The theory is given a name, and may import some other theories. Type parameters can be added, and we use them here to type the meta-variables. The meta-variable a is restricted to be an integer type, but meta-variable c can be any type. Meta-variables are used in the translator rules for pattern matching.
Translator rules are templates, which are used in pattern matching. Event-B formulas are defined on the left hand side of the rule, and the code to be output (as text) appears on the right hand side of the matching rule. During translation an abstract syntax tree (AST) representation of the formula is used. The theory plug-in attempts to match the formulas in the rules with each syntactic element of the AST. As it does so it builds the textual output as a string, until the whole AST has been successfully matched. When a complete tree is matched, the target code is returned. If the AST is not matched, a warning is issued, and a string representation of the original formula is returned.
Type Rules for Code Generation
The type rules section, shown in Figure 1, is where the relationship is defined, between Event-B types and the type system of the implementation.
Adding New (implementation-level) Types
When we are working at abstraction levels close to the implementation level, we may make an implementation decision which requires the introduction of a new type to the development.

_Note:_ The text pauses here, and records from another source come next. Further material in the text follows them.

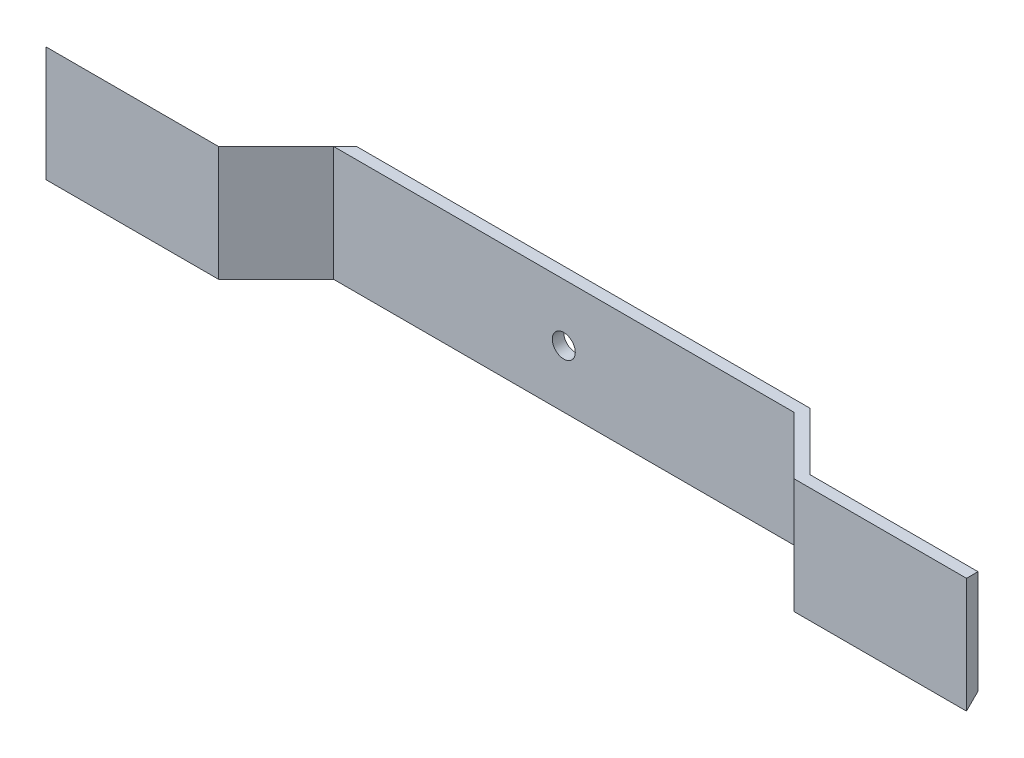
from build123d import *

# Parameters (mm, degrees)
BOTTOM_BLADE_EXTRUDE_DEPTH        = 10
BOTTOM_BLADE_CUT_1_SIZE           = 1
BOTTOM_BLADE_CUT_2_SIZE           = 1
SKETCH3_R                         = 1
HOLE_FOR_SCREW_BOTTOM_BLADE_DEPTH = 20


with BuildPart() as part:
    # Sketch2 → Bottom Blade Extrude (new body)
    with BuildSketch(Plane(origin=(0, 0, 0), x_dir=(1, 0, 0), z_dir=(0, 1, 0))):
        Polygon((-27.237322503, 0), (12.762677497, 0), (17.762677497, -5), (32.762677497, -5), (32.762677497, -4), (18.17689106, -4), (13.17689106, 1), (-27.651536065, 1), (-32.651536065, -4), (-47.237322503, -4), (-47.237322503, -5), (-32.237322503, -5), align=None)
    extrude(amount=BOTTOM_BLADE_EXTRUDE_DEPTH)

    # Bottom Blade Cut 1
    bottom_blade_cut_1_edges = [part.edges().sort_by_distance(p)[0] for p in [
        (-30.151536065, 10, 1.5),
        (-39.944429284, 10, 4),
    ]]
    chamfer(bottom_blade_cut_1_edges, length=BOTTOM_BLADE_CUT_1_SIZE - 0.0001)  # a hair under: the kernel refuses the full size

    # Bottom Blade Cut 2
    bottom_blade_cut_2_edges = [part.edges().sort_by_distance(p)[0] for p in [
        (15.67689106, 0, 1.5),
        (25.469784279, 0, 4),
    ]]
    chamfer(bottom_blade_cut_2_edges, length=BOTTOM_BLADE_CUT_2_SIZE - 0.0001)  # a hair under: the kernel refuses the full size

    # Sketch3 → Hole for Screw ( Bottom Blade) (cut)
    with BuildSketch(Plane.XY):
        with Locations((-7.237322503, 5)):
            Circle(SKETCH3_R)
    extrude(amount=-HOLE_FOR_SCREW_BOTTOM_BLADE_DEPTH, mode=Mode.SUBTRACT)


solid = part.part

We give an example of our approach, where we add a new array type, shown in Figure 2, and then define its translation to code.
An Array Type Definition
Figure 2: Array Definition
The array operator notation is defined in the expression array(s: P(T)); and the semantics is defined in the direct definition. arrayN constrains the arrays to be of fixed length. Array lookup, update, and constructor operators are subsequently defined. In the next step we need to define any translations required to implement the array in code.
Translation Rules
Figure 3: Translation Rules for the Array Type
Figure 3 shows the Ada translation; beginning with the meta-variable definitions that are used for pattern matching in the translation rules. Each of the operators; newArray, and update, and an expression using the lookup operator, are mapped to their implementations on the right hand side of the rule. The Type Rules section describes the implementation's description of the arrayN type.